I have a neural network: `ANN(x)`

that is a function of x but also has parameters to optimize. I need to calculate the derivative of it with respect to x then I would like to gradient descent and optimize `dANN(x)dx.`

This requires taking the derivative of `dANN(x)/dx`

with respect to the parameters of `ANN(x)`

.

I can do this with the autograd `jacobian`

function but that’s really slow.

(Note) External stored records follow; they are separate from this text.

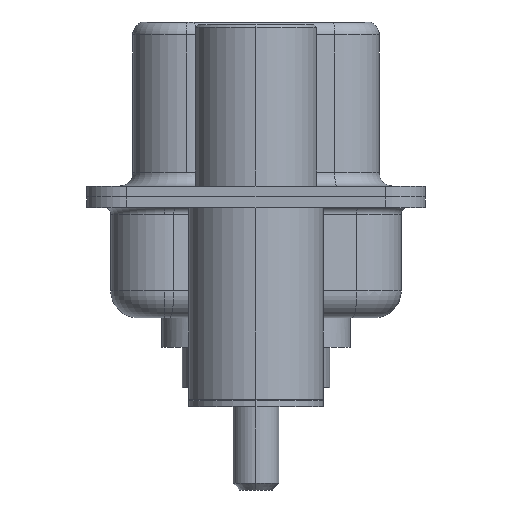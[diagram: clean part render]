
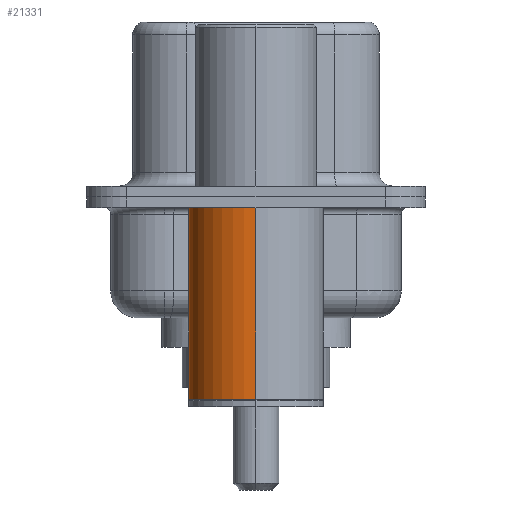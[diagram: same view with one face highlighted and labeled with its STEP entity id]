
A CAD part, left-side view. The second image highlights one B-rep face of the part: STEP entity #21331.
In plain terms, the highlighted cylindrical face has radius 2.5 mm (diameter 5 mm), a partial arc.
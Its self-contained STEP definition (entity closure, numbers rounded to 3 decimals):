
#831 = CARTESIAN_POINT ( 'NONE',  ( 0., 0., -0.4 ) ) ;
#877 = CARTESIAN_POINT ( 'NONE',  ( -2.5, 0., 0.581 ) ) ;
#1039 = CIRCLE ( 'NONE', #9810, 2.5 ) ;
#1265 = ORIENTED_EDGE ( 'NONE', *, *, #15711, .T. ) ;
#2514 = DIRECTION ( 'NONE',  ( 1., 0., 0. ) ) ;
#2566 = DIRECTION ( 'NONE',  ( 0., 0., 1. ) ) ;
#2986 = AXIS2_PLACEMENT_3D ( 'NONE', #4685, #16163, #6388 ) ;
#3021 = VERTEX_POINT ( 'NONE', #6315 ) ;
#3515 = DIRECTION ( 'NONE',  ( 0., 0., 1. ) ) ;
#3705 = CARTESIAN_POINT ( 'NONE',  ( -2.5, 0., -0.4 ) ) ;
#3973 = CARTESIAN_POINT ( 'NONE',  ( -2.5, 0., -7.525 ) ) ;
#4424 = ORIENTED_EDGE ( 'NONE', *, *, #11781, .F. ) ;
#4548 = CARTESIAN_POINT ( 'NONE',  ( 2.5, 0., -0.4 ) ) ;
#4685 = CARTESIAN_POINT ( 'NONE',  ( 0., 0., -7.525 ) ) ;
#5499 = EDGE_LOOP ( 'NONE', ( #17880, #1265, #4424, #16473 ) ) ;
#6315 = CARTESIAN_POINT ( 'NONE',  ( 2.5, 0., -7.525 ) ) ;
#6388 = DIRECTION ( 'NONE',  ( 1., 0., 0. ) ) ;
#8781 = FACE_OUTER_BOUND ( 'NONE', #5499, .T. ) ;
#9810 = AXIS2_PLACEMENT_3D ( 'NONE', #831, #12451, #2514 ) ;
#10605 = VECTOR ( 'NONE', #12392, 1000. ) ;
#10715 = CARTESIAN_POINT ( 'NONE',  ( 2.5, 0., 0.581 ) ) ;
#11705 = VERTEX_POINT ( 'NONE', #3973 ) ;
#11781 = EDGE_CURVE ( 'NONE', #16987, #15028, #1039, .T. ) ;
#12392 = DIRECTION ( 'NONE',  ( 0., 0., 1. ) ) ;
#12451 = DIRECTION ( 'NONE',  ( 0., 0., 1. ) ) ;
#12504 = EDGE_CURVE ( 'NONE', #3021, #11705, #21213, .T. ) ;
#13433 = CARTESIAN_POINT ( 'NONE',  ( 0., 0., 0.581 ) ) ;
#15028 = VERTEX_POINT ( 'NONE', #3705 ) ;
#15053 = DIRECTION ( 'NONE',  ( 1., 0., 0. ) ) ;
#15711 = EDGE_CURVE ( 'NONE', #11705, #15028, #15757, .T. ) ;
#15757 = LINE ( 'NONE', #877, #20616 ) ;
#16163 = DIRECTION ( 'NONE',  ( 0., 0., 1. ) ) ;
#16406 = CYLINDRICAL_SURFACE ( 'NONE', #21037, 2.5 ) ;
#16473 = ORIENTED_EDGE ( 'NONE', *, *, #17450, .F. ) ;
#16987 = VERTEX_POINT ( 'NONE', #4548 ) ;
#17450 = EDGE_CURVE ( 'NONE', #3021, #16987, #19296, .T. ) ;
#17880 = ORIENTED_EDGE ( 'NONE', *, *, #12504, .T. ) ;
#19296 = LINE ( 'NONE', #10715, #10605 ) ;
#20616 = VECTOR ( 'NONE', #2566, 1000. ) ;
#21037 = AXIS2_PLACEMENT_3D ( 'NONE', #13433, #3515, #15053 ) ;
#21213 = CIRCLE ( 'NONE', #2986, 2.5 ) ;
#21331 = ADVANCED_FACE ( 'NONE', ( #8781 ), #16406, .T. ) ;
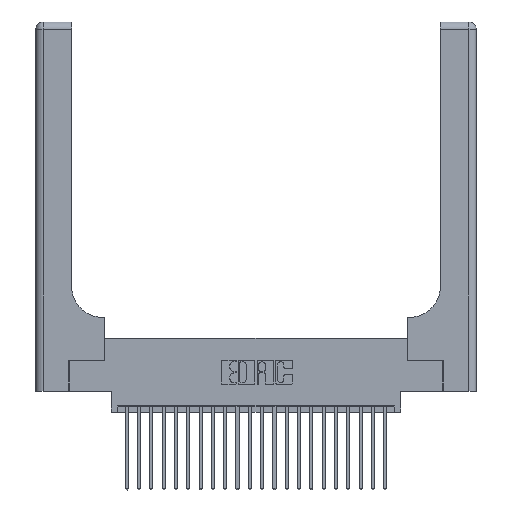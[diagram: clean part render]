
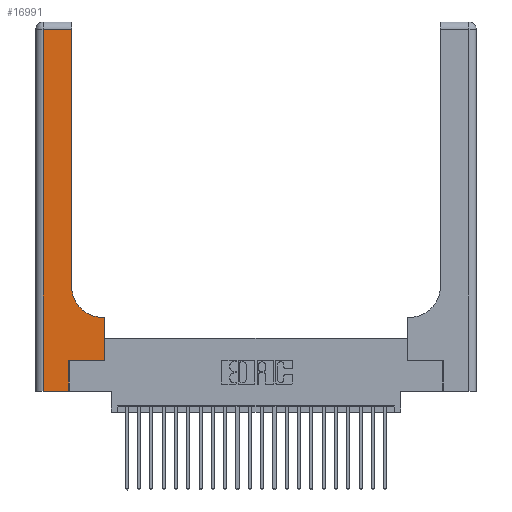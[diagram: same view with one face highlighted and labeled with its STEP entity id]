
A CAD part, top view. The second image highlights one B-rep face of the part: STEP entity #16991.
In plain terms, the highlighted planar face has unit normal (0, 0, 1).
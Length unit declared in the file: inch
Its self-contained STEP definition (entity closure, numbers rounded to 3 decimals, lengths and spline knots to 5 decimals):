
#528 = VECTOR ( 'NONE', #17226, 39.37008 ) ;
#575 = CARTESIAN_POINT ( 'NONE',  ( 0.2915, 2.94, 0.37 ) ) ;
#578 = PLANE ( 'NONE',  #18245 ) ;
#713 = FACE_OUTER_BOUND ( 'NONE', #1214, .T. ) ;
#824 = VERTEX_POINT ( 'NONE', #5884 ) ;
#946 = CARTESIAN_POINT ( 'NONE',  ( 0.06, 2.94, 0.37 ) ) ;
#1214 = EDGE_LOOP ( 'NONE', ( #9697, #17049, #15419, #2678, #16907, #4828, #6877, #16718, #21640 ) ) ;
#1376 = CARTESIAN_POINT ( 'NONE',  ( 0.06, 3., 0.37 ) ) ;
#1507 = CARTESIAN_POINT ( 'NONE',  ( 0.269, 0.25, 0.37 ) ) ;
#1674 = LINE ( 'NONE', #3525, #19121 ) ;
#1784 = DIRECTION ( 'NONE',  ( 0., 1., 0. ) ) ;
#2317 = EDGE_CURVE ( 'NONE', #16483, #16218, #18565, .T. ) ;
#2408 = DIRECTION ( 'NONE',  ( 0., 0., -1. ) ) ;
#2496 = DIRECTION ( 'NONE',  ( 0., 1., 0. ) ) ;
#2678 = ORIENTED_EDGE ( 'NONE', *, *, #22448, .T. ) ;
#3395 = DIRECTION ( 'NONE',  ( 1., 0., 0. ) ) ;
#3525 = CARTESIAN_POINT ( 'NONE',  ( 0., 2.94, 0.37 ) ) ;
#4168 = CARTESIAN_POINT ( 'NONE',  ( 0.5415, 0.6, 0.37 ) ) ;
#4643 = CARTESIAN_POINT ( 'NONE',  ( 0.2915, 0.85, 0.37 ) ) ;
#4828 = ORIENTED_EDGE ( 'NONE', *, *, #7625, .T. ) ;
#5119 = LINE ( 'NONE', #17484, #528 ) ;
#5663 = DIRECTION ( 'NONE',  ( 0., 1., 0. ) ) ;
#5884 = CARTESIAN_POINT ( 'NONE',  ( 0.5585, 0.6, 0.37 ) ) ;
#6279 = DIRECTION ( 'NONE',  ( 1., 0., 0. ) ) ;
#6565 = CARTESIAN_POINT ( 'NONE',  ( 0., 3., 0.37 ) ) ;
#6877 = ORIENTED_EDGE ( 'NONE', *, *, #15221, .T. ) ;
#7278 = VECTOR ( 'NONE', #24705, 39.37008 ) ;
#7369 = AXIS2_PLACEMENT_3D ( 'NONE', #19793, #2408, #6279 ) ;
#7491 = VERTEX_POINT ( 'NONE', #4168 ) ;
#7625 = EDGE_CURVE ( 'NONE', #23617, #20433, #12844, .T. ) ;
#7831 = VECTOR ( 'NONE', #21284, 39.37008 ) ;
#7888 = CARTESIAN_POINT ( 'NONE',  ( 0.5585, 0.25, 0.37 ) ) ;
#7938 = VECTOR ( 'NONE', #3395, 39.37008 ) ;
#9446 = DIRECTION ( 'NONE',  ( -1., 0., 0. ) ) ;
#9697 = ORIENTED_EDGE ( 'NONE', *, *, #14307, .T. ) ;
#9906 = CARTESIAN_POINT ( 'NONE',  ( 0.2915, 3., 0.37 ) ) ;
#11531 = LINE ( 'NONE', #23408, #12136 ) ;
#12136 = VECTOR ( 'NONE', #1784, 39.37008 ) ;
#12368 = CIRCLE ( 'NONE', #7369, 0.25 ) ;
#12428 = VECTOR ( 'NONE', #5663, 39.37008 ) ;
#12844 = LINE ( 'NONE', #22486, #7938 ) ;
#14155 = DIRECTION ( 'NONE',  ( -1., 0., 0. ) ) ;
#14307 = EDGE_CURVE ( 'NONE', #17643, #14699, #15970, .T. ) ;
#14699 = VERTEX_POINT ( 'NONE', #575 ) ;
#15221 = EDGE_CURVE ( 'NONE', #20433, #824, #19479, .T. ) ;
#15419 = ORIENTED_EDGE ( 'NONE', *, *, #2317, .T. ) ;
#15477 = EDGE_CURVE ( 'NONE', #14699, #16483, #1674, .T. ) ;
#15711 = EDGE_CURVE ( 'NONE', #7491, #17643, #12368, .T. ) ;
#15970 = LINE ( 'NONE', #9906, #21504 ) ;
#16218 = VERTEX_POINT ( 'NONE', #19589 ) ;
#16483 = VERTEX_POINT ( 'NONE', #946 ) ;
#16718 = ORIENTED_EDGE ( 'NONE', *, *, #21801, .T. ) ;
#16907 = ORIENTED_EDGE ( 'NONE', *, *, #20984, .T. ) ;
#16991 = ADVANCED_FACE ( 'NONE', ( #713 ), #578, .F. ) ;
#17049 = ORIENTED_EDGE ( 'NONE', *, *, #15477, .T. ) ;
#17226 = DIRECTION ( 'NONE',  ( 1., 0., 0. ) ) ;
#17352 = CARTESIAN_POINT ( 'NONE',  ( 0.5585, 0.25, 0.37 ) ) ;
#17484 = CARTESIAN_POINT ( 'NONE',  ( 0., 0., 0.37 ) ) ;
#17589 = CARTESIAN_POINT ( 'NONE',  ( 0.269, 0., 0.37 ) ) ;
#17643 = VERTEX_POINT ( 'NONE', #4643 ) ;
#18245 = AXIS2_PLACEMENT_3D ( 'NONE', #6565, #19990, #14155 ) ;
#18565 = LINE ( 'NONE', #1376, #7278 ) ;
#19121 = VECTOR ( 'NONE', #9446, 39.37008 ) ;
#19310 = CARTESIAN_POINT ( 'NONE',  ( 0.2915, 0.6, 0.37 ) ) ;
#19455 = LINE ( 'NONE', #19310, #7831 ) ;
#19479 = LINE ( 'NONE', #17352, #12428 ) ;
#19589 = CARTESIAN_POINT ( 'NONE',  ( 0.06, 0., 0.37 ) ) ;
#19793 = CARTESIAN_POINT ( 'NONE',  ( 0.5415, 0.85, 0.37 ) ) ;
#19990 = DIRECTION ( 'NONE',  ( 0., 0., -1. ) ) ;
#20433 = VERTEX_POINT ( 'NONE', #7888 ) ;
#20984 = EDGE_CURVE ( 'NONE', #23784, #23617, #11531, .T. ) ;
#21284 = DIRECTION ( 'NONE',  ( -1., 0., 0. ) ) ;
#21504 = VECTOR ( 'NONE', #2496, 39.37008 ) ;
#21640 = ORIENTED_EDGE ( 'NONE', *, *, #15711, .T. ) ;
#21801 = EDGE_CURVE ( 'NONE', #824, #7491, #19455, .T. ) ;
#22448 = EDGE_CURVE ( 'NONE', #16218, #23784, #5119, .T. ) ;
#22486 = CARTESIAN_POINT ( 'NONE',  ( 0.269, 0.25, 0.37 ) ) ;
#23408 = CARTESIAN_POINT ( 'NONE',  ( 0.269, 0., 0.37 ) ) ;
#23617 = VERTEX_POINT ( 'NONE', #1507 ) ;
#23784 = VERTEX_POINT ( 'NONE', #17589 ) ;
#24705 = DIRECTION ( 'NONE',  ( 0., -1., 0. ) ) ;
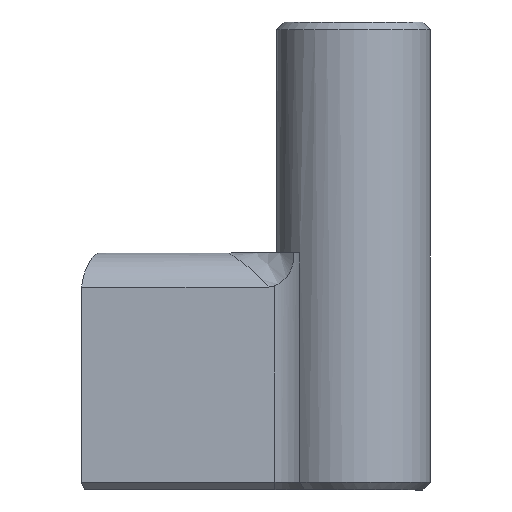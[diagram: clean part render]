
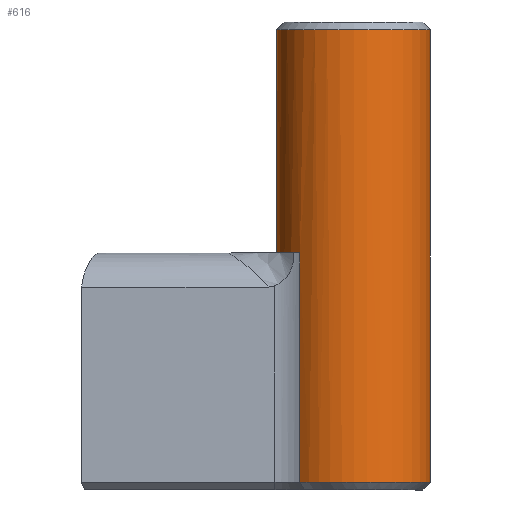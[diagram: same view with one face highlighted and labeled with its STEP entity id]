
A CAD part, front view. The second image highlights one B-rep face of the part: STEP entity #616.
In plain terms, the highlighted cylindrical face has radius 5.1 mm (diameter 10.2 mm), a full revolution.
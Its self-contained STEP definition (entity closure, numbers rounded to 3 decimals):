
#21=CYLINDRICAL_SURFACE('',#685,5.1);
#76=LINE('',#1086,#114);
#77=LINE('',#1088,#115);
#78=LINE('',#1091,#116);
#114=VECTOR('',#799,5.1);
#115=VECTOR('',#800,10.);
#116=VECTOR('',#803,10.);
#149=FACE_OUTER_BOUND('',#188,.T.);
#188=EDGE_LOOP('',(#473,#474,#475,#476,#477,#478,#479,#480,#481));
#241=CIRCLE('',#661,5.1);
#242=CIRCLE('',#662,5.1);
#248=CIRCLE('',#681,5.1);
#249=CIRCLE('',#682,5.1);
#251=CIRCLE('',#686,5.1);
#265=VERTEX_POINT('',#896);
#266=VERTEX_POINT('',#904);
#267=VERTEX_POINT('',#906);
#294=VERTEX_POINT('',#1077);
#295=VERTEX_POINT('',#1079);
#297=VERTEX_POINT('',#1087);
#298=VERTEX_POINT('',#1089);
#324=EDGE_CURVE('',#265,#266,#241,.T.);
#325=EDGE_CURVE('',#266,#267,#242,.T.);
#361=EDGE_CURVE('',#294,#295,#248,.T.);
#362=EDGE_CURVE('',#295,#294,#249,.T.);
#364=EDGE_CURVE('',#295,#266,#76,.T.);
#365=EDGE_CURVE('',#265,#297,#77,.T.);
#366=EDGE_CURVE('',#297,#298,#251,.T.);
#367=EDGE_CURVE('',#267,#298,#78,.T.);
#473=ORIENTED_EDGE('',*,*,#361,.F.);
#474=ORIENTED_EDGE('',*,*,#362,.F.);
#475=ORIENTED_EDGE('',*,*,#364,.T.);
#476=ORIENTED_EDGE('',*,*,#324,.F.);
#477=ORIENTED_EDGE('',*,*,#365,.T.);
#478=ORIENTED_EDGE('',*,*,#366,.T.);
#479=ORIENTED_EDGE('',*,*,#367,.F.);
#480=ORIENTED_EDGE('',*,*,#325,.F.);
#481=ORIENTED_EDGE('',*,*,#364,.F.);
#616=ADVANCED_FACE('',(#149),#21,.T.);
#661=AXIS2_PLACEMENT_3D('',#905,#730,#731);
#662=AXIS2_PLACEMENT_3D('',#907,#732,#733);
#681=AXIS2_PLACEMENT_3D('',#1080,#789,#790);
#682=AXIS2_PLACEMENT_3D('',#1081,#791,#792);
#685=AXIS2_PLACEMENT_3D('',#1085,#797,#798);
#686=AXIS2_PLACEMENT_3D('',#1090,#801,#802);
#730=DIRECTION('center_axis',(0.,0.,
-1.));
#731=DIRECTION('ref_axis',(0.,-1.,0.));
#732=DIRECTION('center_axis',(0.,0.,
-1.));
#733=DIRECTION('ref_axis',(0.,-1.,0.));
#789=DIRECTION('center_axis',(0.,0.,
1.));
#790=DIRECTION('ref_axis',(0.,-1.,0.));
#791=DIRECTION('center_axis',(0.,0.,
1.));
#792=DIRECTION('ref_axis',(0.,-1.,0.));
#797=DIRECTION('center_axis',(0.,0.,
1.));
#798=DIRECTION('ref_axis',(0.,1.,0.));
#799=DIRECTION('',(0.,0.,-1.));
#800=DIRECTION('',(0.,0.,1.));
#801=DIRECTION('center_axis',(0.,0.,
1.));
#802=DIRECTION('ref_axis',(0.,-1.,0.));
#803=DIRECTION('',(0.,0.,1.));
#896=CARTESIAN_POINT('',(130.892,209.985,-53.067));
#904=CARTESIAN_POINT('',(132.472,200.036,-53.067));
#905=CARTESIAN_POINT('Origin',(132.472,205.136,-53.067));
#906=CARTESIAN_POINT('',(128.922,201.474,-53.067));
#907=CARTESIAN_POINT('Origin',(132.472,205.136,-53.067));
#1077=CARTESIAN_POINT('',(132.472,210.236,-23.067));
#1079=CARTESIAN_POINT('',(132.472,200.036,-23.067));
#1080=CARTESIAN_POINT('Origin',(132.472,205.136,-23.067));
#1081=CARTESIAN_POINT('Origin',(132.472,205.136,-23.067));
#1085=CARTESIAN_POINT('Origin',(132.472,205.136,-53.567));
#1086=CARTESIAN_POINT('',(132.472,200.036,-53.567));
#1087=CARTESIAN_POINT('',(130.892,209.985,-37.867));
#1088=CARTESIAN_POINT('',(130.892,209.985,-53.567));
#1089=CARTESIAN_POINT('',(128.922,201.474,-37.867));
#1090=CARTESIAN_POINT('Origin',(132.472,205.136,-37.867));
#1091=CARTESIAN_POINT('',(128.922,201.474,-53.567));

I would like to do this with the faster grad or backward functions and `torch.autograd.Function`

but I’m not sure how to use the `backward`

function so that each parameter in the `dANN(x)dx`

gets the correct gradient, especially since the input to the `forward`

function is a list of parameters (ie `ANN.paramaeters()`

) each which should receive their own gradient.

For example I have:

```
class derivativeANN(torch.autograd.Function):
@staticmethod
def forward(ctx, input):
tempstate2 = tempstate.detach().requires_grad_(True)
ans = model(tempstate2.reshape(-1,8))[:,1]
ds = grad(ans, tempstate2, grad_outputs=torch.ones((batch,)).to(device), retain_graph = True)
ctx.save_for_backward(input)
ctx.save_for_backward(ds)
ctx.save_for_backward(model.parameters())
return ds[0][:,:2]
@staticmethod
def backward(ctx, grad_output):
input, ds, params12 = ctx.saved_tensors
dspar = []
for each in input:
dsdpar.append(grad(ds, each, grad_outputs=torch.ones_like(ds).to(device)))
```

But now I need each element of dspar to update the grade of each element of the parameter list of `list(model.parameter())`

. I’m sure there is a way to optimize `torch.autograd.Function`

with multiple inputs, I just don’t know how.